▶ _Work to complete_
Below are records; copy every line among them that contains the word "ezdxf".

START Records supplied

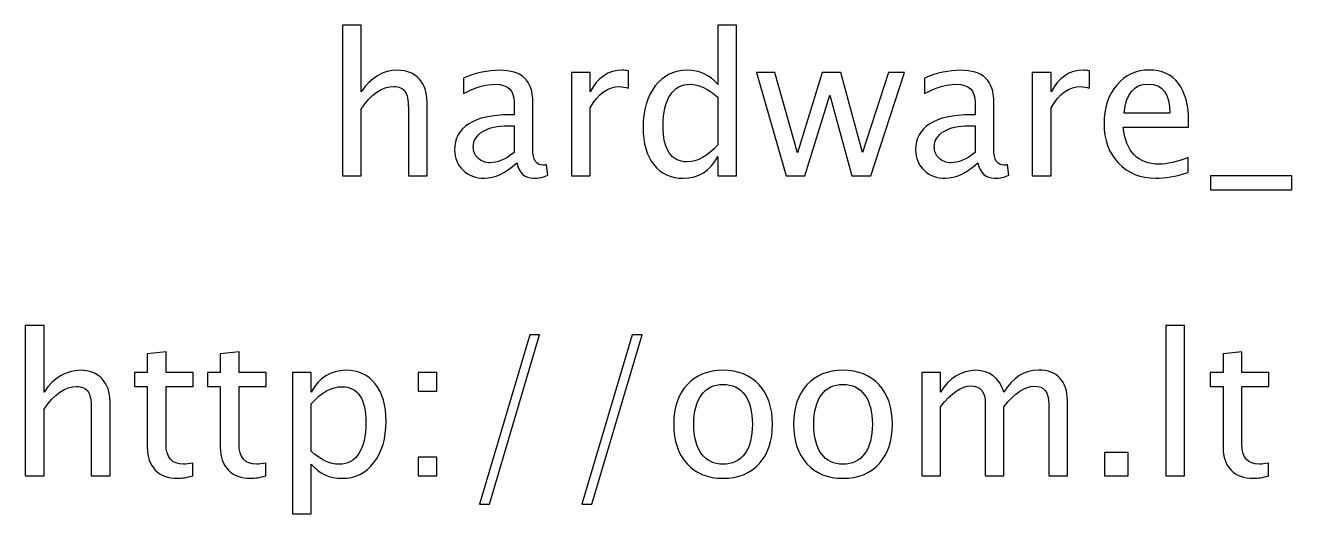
# Model space of a CAD drawing. Header units: centimetres. Extents: x -142 to 94, y -75 to 149.
# Drawn here: x -122.405 to -120.117, y 125.06 to 125.942 of the extents above; entities that cross this region are included whole.
import ezdxf

# ---------------------------------------------------------------- set-up
doc = ezdxf.new("R2010")
doc.units = ezdxf.units.CM
doc.header["$MEASUREMENT"] = 0
doc.layers.add('Layer 1', color=7, linetype='Continuous')

msp = doc.modelspace()

# ---------------------------------------------------------------- linework, layer by layer
at = {"layer": 'Layer 1'}
for points, knots in [([(-121.83246, 125.67044), (-121.83246, 125.67044), (-121.83246, 125.94243), (-121.83246, 125.94243), (-121.83246, 125.94243), (-121.83246, 125.94243), (-121.7986, 125.94243), (-121.7986, 125.94243), (-121.7986, 125.94243), (-121.7986, 125.94243), (-121.7986, 125.82208), (-121.7986, 125.82208), (-121.7986, 125.82208), (-121.78066, 125.84824), (-121.75867, 125.86129), (-121.73269, 125.86129), (-121.73269, 125.86129), (-121.71634, 125.86129), (-121.70335, 125.85618), (-121.69376, 125.84589), (-121.69376, 125.84589), (-121.68418, 125.83566), (-121.67936, 125.82184), (-121.67936, 125.80456), (-121.67936, 125.80456), (-121.67936, 125.80456), (-121.67936, 125.67044), (-121.67936, 125.67044), (-121.67936, 125.67044), (-121.67936, 125.67044), (-121.71322, 125.67044), (-121.71322, 125.67044), (-121.71322, 125.67044), (-121.71322, 125.67044), (-121.71322, 125.7935), (-121.71322, 125.7935), (-121.71322, 125.7935), (-121.71322, 125.80738), (-121.71528, 125.81726), (-121.71934, 125.82313), (-121.71934, 125.82313), (-121.72345, 125.82907), (-121.73022, 125.83201), (-121.73968, 125.83201), (-121.73968, 125.83201), (-121.7605, 125.83201), (-121.78013, 125.81843), (-121.7986, 125.79127), (-121.7986, 125.79127), (-121.7986, 125.79127), (-121.7986, 125.67044), (-121.7986, 125.67044), (-121.7986, 125.67044), (-121.7986, 125.67044), (-121.83246, 125.67044), (-121.83246, 125.67044)], [0, 0, 0, 0, 0.0666667, 0.0666667, 0.0666667, 0.0666667, 0.1333333, 0.1333333, 0.1333333, 0.1333333, 0.2, 0.2, 0.2, 0.2, 0.2666667, 0.2666667, 0.2666667, 0.2666667, 0.3333333, 0.3333333, 0.3333333, 0.3333333, 0.4, 0.4, 0.4, 0.4, 0.4666667, 0.4666667, 0.4666667, 0.4666667, 0.5333333, 0.5333333, 0.5333333, 0.5333333, 0.6, 0.6, 0.6, 0.6, 0.6666667, 0.6666667, 0.6666667, 0.6666667, 0.7333333, 0.7333333, 0.7333333, 0.7333333, 0.8, 0.8, 0.8, 0.8, 0.8666667, 0.8666667, 0.8666667, 0.8666667, 1, 1, 1, 1]), ([(-121.15407, 125.67044), (-121.15407, 125.67044), (-121.15407, 125.70554), (-121.15407, 125.70554), (-121.15407, 125.70554), (-121.16788, 125.67932), (-121.1887, 125.66621), (-121.21651, 125.66621), (-121.21651, 125.66621), (-121.23909, 125.66621), (-121.25684, 125.67438), (-121.26978, 125.69078), (-121.26978, 125.69078), (-121.28271, 125.70719), (-121.28918, 125.72959), (-121.28918, 125.75799), (-121.28918, 125.75799), (-121.28918, 125.78903), (-121.28183, 125.81402), (-121.26719, 125.83295), (-121.26719, 125.83295), (-121.25249, 125.85183), (-121.23321, 125.86129), (-121.20928, 125.86129), (-121.20928, 125.86129), (-121.18711, 125.86129), (-121.16865, 125.85283), (-121.15407, 125.83584), (-121.15407, 125.83584), (-121.15407, 125.83584), (-121.15407, 125.94243), (-121.15407, 125.94243), (-121.15407, 125.94243), (-121.15407, 125.94243), (-121.1202, 125.94243), (-121.1202, 125.94243), (-121.1202, 125.94243), (-121.1202, 125.94243), (-121.1202, 125.67044), (-121.1202, 125.67044), (-121.1202, 125.67044), (-121.1202, 125.67044), (-121.15407, 125.67044), (-121.15407, 125.67044)], [0, 0, 0, 0, 0.0833333, 0.0833333, 0.0833333, 0.0833333, 0.1666667, 0.1666667, 0.1666667, 0.1666667, 0.25, 0.25, 0.25, 0.25, 0.3333333, 0.3333333, 0.3333333, 0.3333333, 0.4166667, 0.4166667, 0.4166667, 0.4166667, 0.5, 0.5, 0.5, 0.5, 0.5833333, 0.5833333, 0.5833333, 0.5833333, 0.6666667, 0.6666667, 0.6666667, 0.6666667, 0.75, 0.75, 0.75, 0.75, 0.8333333, 0.8333333, 0.8333333, 0.8333333, 1, 1, 1, 1]), ([(-121.51714, 125.69425), (-121.53748, 125.67556), (-121.55706, 125.66621), (-121.57587, 125.66621), (-121.57587, 125.66621), (-121.59134, 125.66621), (-121.60421, 125.67103), (-121.61439, 125.68073), (-121.61439, 125.68073), (-121.62462, 125.69043), (-121.62973, 125.70266), (-121.62973, 125.71742), (-121.62973, 125.71742), (-121.62973, 125.73782), (-121.62115, 125.75352), (-121.60398, 125.76446), (-121.60398, 125.76446), (-121.58681, 125.77539), (-121.56217, 125.78086), (-121.53007, 125.78086), (-121.53007, 125.78086), (-121.53007, 125.78086), (-121.52213, 125.78086), (-121.52213, 125.78086), (-121.52213, 125.78086), (-121.52213, 125.78086), (-121.52213, 125.80338), (-121.52213, 125.80338), (-121.52213, 125.80338), (-121.52213, 125.82508), (-121.53342, 125.83589), (-121.55606, 125.83589), (-121.55606, 125.83589), (-121.57358, 125.83589), (-121.59275, 125.83037), (-121.6135, 125.81931), (-121.6135, 125.81931), (-121.6135, 125.81931), (-121.6135, 125.84718), (-121.6135, 125.84718), (-121.6135, 125.84718), (-121.59069, 125.85659), (-121.56917, 125.86129), (-121.549, 125.86129), (-121.549, 125.86129), (-121.52825, 125.86129), (-121.5129, 125.85659), (-121.50308, 125.84712), (-121.50308, 125.84712), (-121.49321, 125.83766), (-121.48827, 125.82308), (-121.48827, 125.80338), (-121.48827, 125.80338), (-121.48827, 125.80338), (-121.48827, 125.71889), (-121.48827, 125.71889), (-121.48827, 125.71889), (-121.48827, 125.69954), (-121.48233, 125.68984), (-121.47039, 125.68984), (-121.47039, 125.68984), (-121.46892, 125.68984), (-121.46675, 125.69008), (-121.46387, 125.69055), (-121.46387, 125.69055), (-121.46387, 125.69055), (-121.46145, 125.67173), (-121.46145, 125.67173), (-121.46145, 125.67173), (-121.46916, 125.66803), (-121.47762, 125.66621), (-121.48691, 125.66621), (-121.48691, 125.66621), (-121.50273, 125.66621), (-121.51278, 125.67556), (-121.51714, 125.69425)], [0, 0, 0, 0, 0.05, 0.05, 0.05, 0.05, 0.1, 0.1, 0.1, 0.1, 0.15, 0.15, 0.15, 0.15, 0.2, 0.2, 0.2, 0.2, 0.25, 0.25, 0.25, 0.25, 0.3, 0.3, 0.3, 0.3, 0.35, 0.35, 0.35, 0.35, 0.4, 0.4, 0.4, 0.4, 0.45, 0.45, 0.45, 0.45, 0.5, 0.5, 0.5, 0.5, 0.55, 0.55, 0.55, 0.55, 0.6, 0.6, 0.6, 0.6, 0.65, 0.65, 0.65, 0.65, 0.7, 0.7, 0.7, 0.7, 0.75, 0.75, 0.75, 0.75, 0.8, 0.8, 0.8, 0.8, 0.85, 0.85, 0.85, 0.85, 0.9, 0.9, 0.9, 0.9, 1, 1, 1, 1]), ([(-121.41871, 125.67044), (-121.41871, 125.67044), (-121.41871, 125.85741), (-121.41871, 125.85741), (-121.41871, 125.85741), (-121.41871, 125.85741), (-121.38485, 125.85741), (-121.38485, 125.85741), (-121.38485, 125.85741), (-121.38485, 125.85741), (-121.38485, 125.82208), (-121.38485, 125.82208), (-121.38485, 125.82208), (-121.37138, 125.84824), (-121.35186, 125.86129), (-121.32623, 125.86129), (-121.32623, 125.86129), (-121.32276, 125.86129), (-121.31911, 125.861), (-121.31535, 125.86041), (-121.31535, 125.86041), (-121.31535, 125.86041), (-121.31535, 125.82872), (-121.31535, 125.82872), (-121.31535, 125.82872), (-121.32123, 125.83066), (-121.3264, 125.83166), (-121.33087, 125.83166), (-121.33087, 125.83166), (-121.35239, 125.83166), (-121.37038, 125.81896), (-121.38485, 125.7935), (-121.38485, 125.7935), (-121.38485, 125.7935), (-121.38485, 125.67044), (-121.38485, 125.67044), (-121.38485, 125.67044), (-121.38485, 125.67044), (-121.41871, 125.67044), (-121.41871, 125.67044)], [0, 0, 0, 0, 0.0909091, 0.0909091, 0.0909091, 0.0909091, 0.1818182, 0.1818182, 0.1818182, 0.1818182, 0.2727273, 0.2727273, 0.2727273, 0.2727273, 0.3636364, 0.3636364, 0.3636364, 0.3636364, 0.4545455, 0.4545455, 0.4545455, 0.4545455, 0.5454545, 0.5454545, 0.5454545, 0.5454545, 0.6363636, 0.6363636, 0.6363636, 0.6363636, 0.7272727, 0.7272727, 0.7272727, 0.7272727, 0.8181818, 0.8181818, 0.8181818, 0.8181818, 1, 1, 1, 1]), ([(-121.03047, 125.67044), (-121.03047, 125.67044), (-121.08409, 125.85741), (-121.08409, 125.85741), (-121.08409, 125.85741), (-121.08409, 125.85741), (-121.05105, 125.85741), (-121.05105, 125.85741), (-121.05105, 125.85741), (-121.05105, 125.85741), (-121.00995, 125.71224), (-121.00995, 125.71224), (-121.00995, 125.71224), (-121.00995, 125.71224), (-120.96562, 125.85741), (-120.96562, 125.85741), (-120.96562, 125.85741), (-120.96562, 125.85741), (-120.93175, 125.85741), (-120.93175, 125.85741), (-120.93175, 125.85741), (-120.93175, 125.85741), (-120.89277, 125.71248), (-120.89277, 125.71248), (-120.89277, 125.71248), (-120.89277, 125.71248), (-120.84561, 125.85741), (-120.84561, 125.85741), (-120.84561, 125.85741), (-120.84561, 125.85741), (-120.81669, 125.85741), (-120.81669, 125.85741), (-120.81669, 125.85741), (-120.81669, 125.85741), (-120.87772, 125.67044), (-120.87772, 125.67044), (-120.87772, 125.67044), (-120.87772, 125.67044), (-120.91158, 125.67044), (-120.91158, 125.67044), (-120.91158, 125.67044), (-120.91158, 125.67044), (-120.95168, 125.81626), (-120.95168, 125.81626), (-120.95168, 125.81626), (-120.95168, 125.81626), (-120.9966, 125.67044), (-120.9966, 125.67044), (-120.9966, 125.67044), (-120.9966, 125.67044), (-121.03047, 125.67044), (-121.03047, 125.67044)], [0, 0, 0, 0, 0.0714286, 0.0714286, 0.0714286, 0.0714286, 0.1428571, 0.1428571, 0.1428571, 0.1428571, 0.2142857, 0.2142857, 0.2142857, 0.2142857, 0.2857143, 0.2857143, 0.2857143, 0.2857143, 0.3571429, 0.3571429, 0.3571429, 0.3571429, 0.4285714, 0.4285714, 0.4285714, 0.4285714, 0.5, 0.5, 0.5, 0.5, 0.5714286, 0.5714286, 0.5714286, 0.5714286, 0.6428571, 0.6428571, 0.6428571, 0.6428571, 0.7142857, 0.7142857, 0.7142857, 0.7142857, 0.7857143, 0.7857143, 0.7857143, 0.7857143, 0.8571429, 0.8571429, 0.8571429, 0.8571429, 1, 1, 1, 1]), ([(-120.68416, 125.69425), (-120.7045, 125.67556), (-120.72408, 125.66621), (-120.74289, 125.66621), (-120.74289, 125.66621), (-120.75836, 125.66621), (-120.77123, 125.67103), (-120.78141, 125.68073), (-120.78141, 125.68073), (-120.79164, 125.69043), (-120.79675, 125.70266), (-120.79675, 125.71742), (-120.79675, 125.71742), (-120.79675, 125.73782), (-120.78817, 125.75352), (-120.771, 125.76446), (-120.771, 125.76446), (-120.75383, 125.77539), (-120.72919, 125.78086), (-120.69709, 125.78086), (-120.69709, 125.78086), (-120.69709, 125.78086), (-120.68915, 125.78086), (-120.68915, 125.78086), (-120.68915, 125.78086), (-120.68915, 125.78086), (-120.68915, 125.80338), (-120.68915, 125.80338), (-120.68915, 125.80338), (-120.68915, 125.82508), (-120.70044, 125.83589), (-120.72308, 125.83589), (-120.72308, 125.83589), (-120.7406, 125.83589), (-120.75977, 125.83037), (-120.78052, 125.81931), (-120.78052, 125.81931), (-120.78052, 125.81931), (-120.78052, 125.84718), (-120.78052, 125.84718), (-120.78052, 125.84718), (-120.75771, 125.85659), (-120.73619, 125.86129), (-120.71602, 125.86129), (-120.71602, 125.86129), (-120.69527, 125.86129), (-120.67992, 125.85659), (-120.6701, 125.84712), (-120.6701, 125.84712), (-120.66023, 125.83766), (-120.65529, 125.82308), (-120.65529, 125.80338), (-120.65529, 125.80338), (-120.65529, 125.80338), (-120.65529, 125.71889), (-120.65529, 125.71889), (-120.65529, 125.71889), (-120.65529, 125.69954), (-120.64935, 125.68984), (-120.63741, 125.68984), (-120.63741, 125.68984), (-120.63594, 125.68984), (-120.63377, 125.69008), (-120.63089, 125.69055), (-120.63089, 125.69055), (-120.63089, 125.69055), (-120.62847, 125.67173), (-120.62847, 125.67173), (-120.62847, 125.67173), (-120.63618, 125.66803), (-120.64464, 125.66621), (-120.65393, 125.66621), (-120.65393, 125.66621), (-120.66975, 125.66621), (-120.6798, 125.67556), (-120.68416, 125.69425)], [0, 0, 0, 0, 0.05, 0.05, 0.05, 0.05, 0.1, 0.1, 0.1, 0.1, 0.15, 0.15, 0.15, 0.15, 0.2, 0.2, 0.2, 0.2, 0.25, 0.25, 0.25, 0.25, 0.3, 0.3, 0.3, 0.3, 0.35, 0.35, 0.35, 0.35, 0.4, 0.4, 0.4, 0.4, 0.45, 0.45, 0.45, 0.45, 0.5, 0.5, 0.5, 0.5, 0.55, 0.55, 0.55, 0.55, 0.6, 0.6, 0.6, 0.6, 0.65, 0.65, 0.65, 0.65, 0.7, 0.7, 0.7, 0.7, 0.75, 0.75, 0.75, 0.75, 0.8, 0.8, 0.8, 0.8, 0.85, 0.85, 0.85, 0.85, 0.9, 0.9, 0.9, 0.9, 1, 1, 1, 1]), ([(-120.58573, 125.67044), (-120.58573, 125.67044), (-120.58573, 125.85741), (-120.58573, 125.85741), (-120.58573, 125.85741), (-120.58573, 125.85741), (-120.55187, 125.85741), (-120.55187, 125.85741), (-120.55187, 125.85741), (-120.55187, 125.85741), (-120.55187, 125.82208), (-120.55187, 125.82208), (-120.55187, 125.82208), (-120.5384, 125.84824), (-120.51888, 125.86129), (-120.49325, 125.86129), (-120.49325, 125.86129), (-120.48978, 125.86129), (-120.48613, 125.861), (-120.48237, 125.86041), (-120.48237, 125.86041), (-120.48237, 125.86041), (-120.48237, 125.82872), (-120.48237, 125.82872), (-120.48237, 125.82872), (-120.48825, 125.83066), (-120.49342, 125.83166), (-120.49789, 125.83166), (-120.49789, 125.83166), (-120.51941, 125.83166), (-120.5374, 125.81896), (-120.55187, 125.7935), (-120.55187, 125.7935), (-120.55187, 125.7935), (-120.55187, 125.67044), (-120.55187, 125.67044), (-120.55187, 125.67044), (-120.55187, 125.67044), (-120.58573, 125.67044), (-120.58573, 125.67044)], [0, 0, 0, 0, 0.0909091, 0.0909091, 0.0909091, 0.0909091, 0.1818182, 0.1818182, 0.1818182, 0.1818182, 0.2727273, 0.2727273, 0.2727273, 0.2727273, 0.3636364, 0.3636364, 0.3636364, 0.3636364, 0.4545455, 0.4545455, 0.4545455, 0.4545455, 0.5454545, 0.5454545, 0.5454545, 0.5454545, 0.6363636, 0.6363636, 0.6363636, 0.6363636, 0.7272727, 0.7272727, 0.7272727, 0.7272727, 0.8181818, 0.8181818, 0.8181818, 0.8181818, 1, 1, 1, 1]), ([(-120.30415, 125.67644), (-120.32691, 125.66962), (-120.34637, 125.66621), (-120.3626, 125.66621), (-120.3626, 125.66621), (-120.39029, 125.66621), (-120.41281, 125.67538), (-120.43015, 125.69366), (-120.43015, 125.69366), (-120.4475, 125.71195), (-120.4562, 125.73565), (-120.4562, 125.76481), (-120.4562, 125.76481), (-120.4562, 125.79309), (-120.44856, 125.81631), (-120.43321, 125.83448), (-120.43321, 125.83448), (-120.41786, 125.85259), (-120.39823, 125.86165), (-120.3743, 125.86165), (-120.3743, 125.86165), (-120.35166, 125.86165), (-120.33414, 125.85359), (-120.32179, 125.83748), (-120.32179, 125.83748), (-120.30944, 125.82137), (-120.30327, 125.79856), (-120.30327, 125.76898), (-120.30327, 125.76898), (-120.30327, 125.76898), (-120.30345, 125.75864), (-120.30345, 125.75864), (-120.30345, 125.75864), (-120.30345, 125.75864), (-120.42163, 125.75864), (-120.42163, 125.75864), (-120.42163, 125.75864), (-120.41669, 125.71395), (-120.39487, 125.69161), (-120.35625, 125.69161), (-120.35625, 125.69161), (-120.34208, 125.69161), (-120.32473, 125.6956), (-120.30415, 125.7036), (-120.30415, 125.7036), (-120.30415, 125.7036), (-120.30415, 125.67644), (-120.30415, 125.67644)], [0, 0, 0, 0, 0.0769231, 0.0769231, 0.0769231, 0.0769231, 0.1538462, 0.1538462, 0.1538462, 0.1538462, 0.2307692, 0.2307692, 0.2307692, 0.2307692, 0.3076923, 0.3076923, 0.3076923, 0.3076923, 0.3846154, 0.3846154, 0.3846154, 0.3846154, 0.4615385, 0.4615385, 0.4615385, 0.4615385, 0.5384615, 0.5384615, 0.5384615, 0.5384615, 0.6153846, 0.6153846, 0.6153846, 0.6153846, 0.6923077, 0.6923077, 0.6923077, 0.6923077, 0.7692308, 0.7692308, 0.7692308, 0.7692308, 0.8461538, 0.8461538, 0.8461538, 0.8461538, 1, 1, 1, 1]), ([(-121.15407, 125.81267), (-121.17165, 125.82813), (-121.18828, 125.83589), (-121.20404, 125.83589), (-121.20404, 125.83589), (-121.21956, 125.83589), (-121.23156, 125.82943), (-121.24008, 125.81643), (-121.24008, 125.81643), (-121.24861, 125.8035), (-121.25284, 125.78515), (-121.25284, 125.7614), (-121.25284, 125.7614), (-121.25284, 125.71771), (-121.23838, 125.69584), (-121.20939, 125.69584), (-121.20939, 125.69584), (-121.19058, 125.69584), (-121.17212, 125.70613), (-121.15407, 125.72665), (-121.15407, 125.72665), (-121.15407, 125.72665), (-121.15407, 125.81267), (-121.15407, 125.81267)], [0, 0, 0, 0, 0.1428571, 0.1428571, 0.1428571, 0.1428571, 0.2857143, 0.2857143, 0.2857143, 0.2857143, 0.4285714, 0.4285714, 0.4285714, 0.4285714, 0.5714286, 0.5714286, 0.5714286, 0.5714286, 0.7142857, 0.7142857, 0.7142857, 0.7142857, 1, 1, 1, 1]), ([(-120.41986, 125.78404), (-120.41986, 125.78404), (-120.33731, 125.78404), (-120.33731, 125.78404), (-120.33731, 125.78404), (-120.33731, 125.81884), (-120.35031, 125.83625), (-120.37624, 125.83625), (-120.37624, 125.83625), (-120.40234, 125.83625), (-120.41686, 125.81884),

END Records supplied

▶ _Solution_
import ezdxf
doc = ezdxf.new("R2010")
doc.units = ezdxf.units.CM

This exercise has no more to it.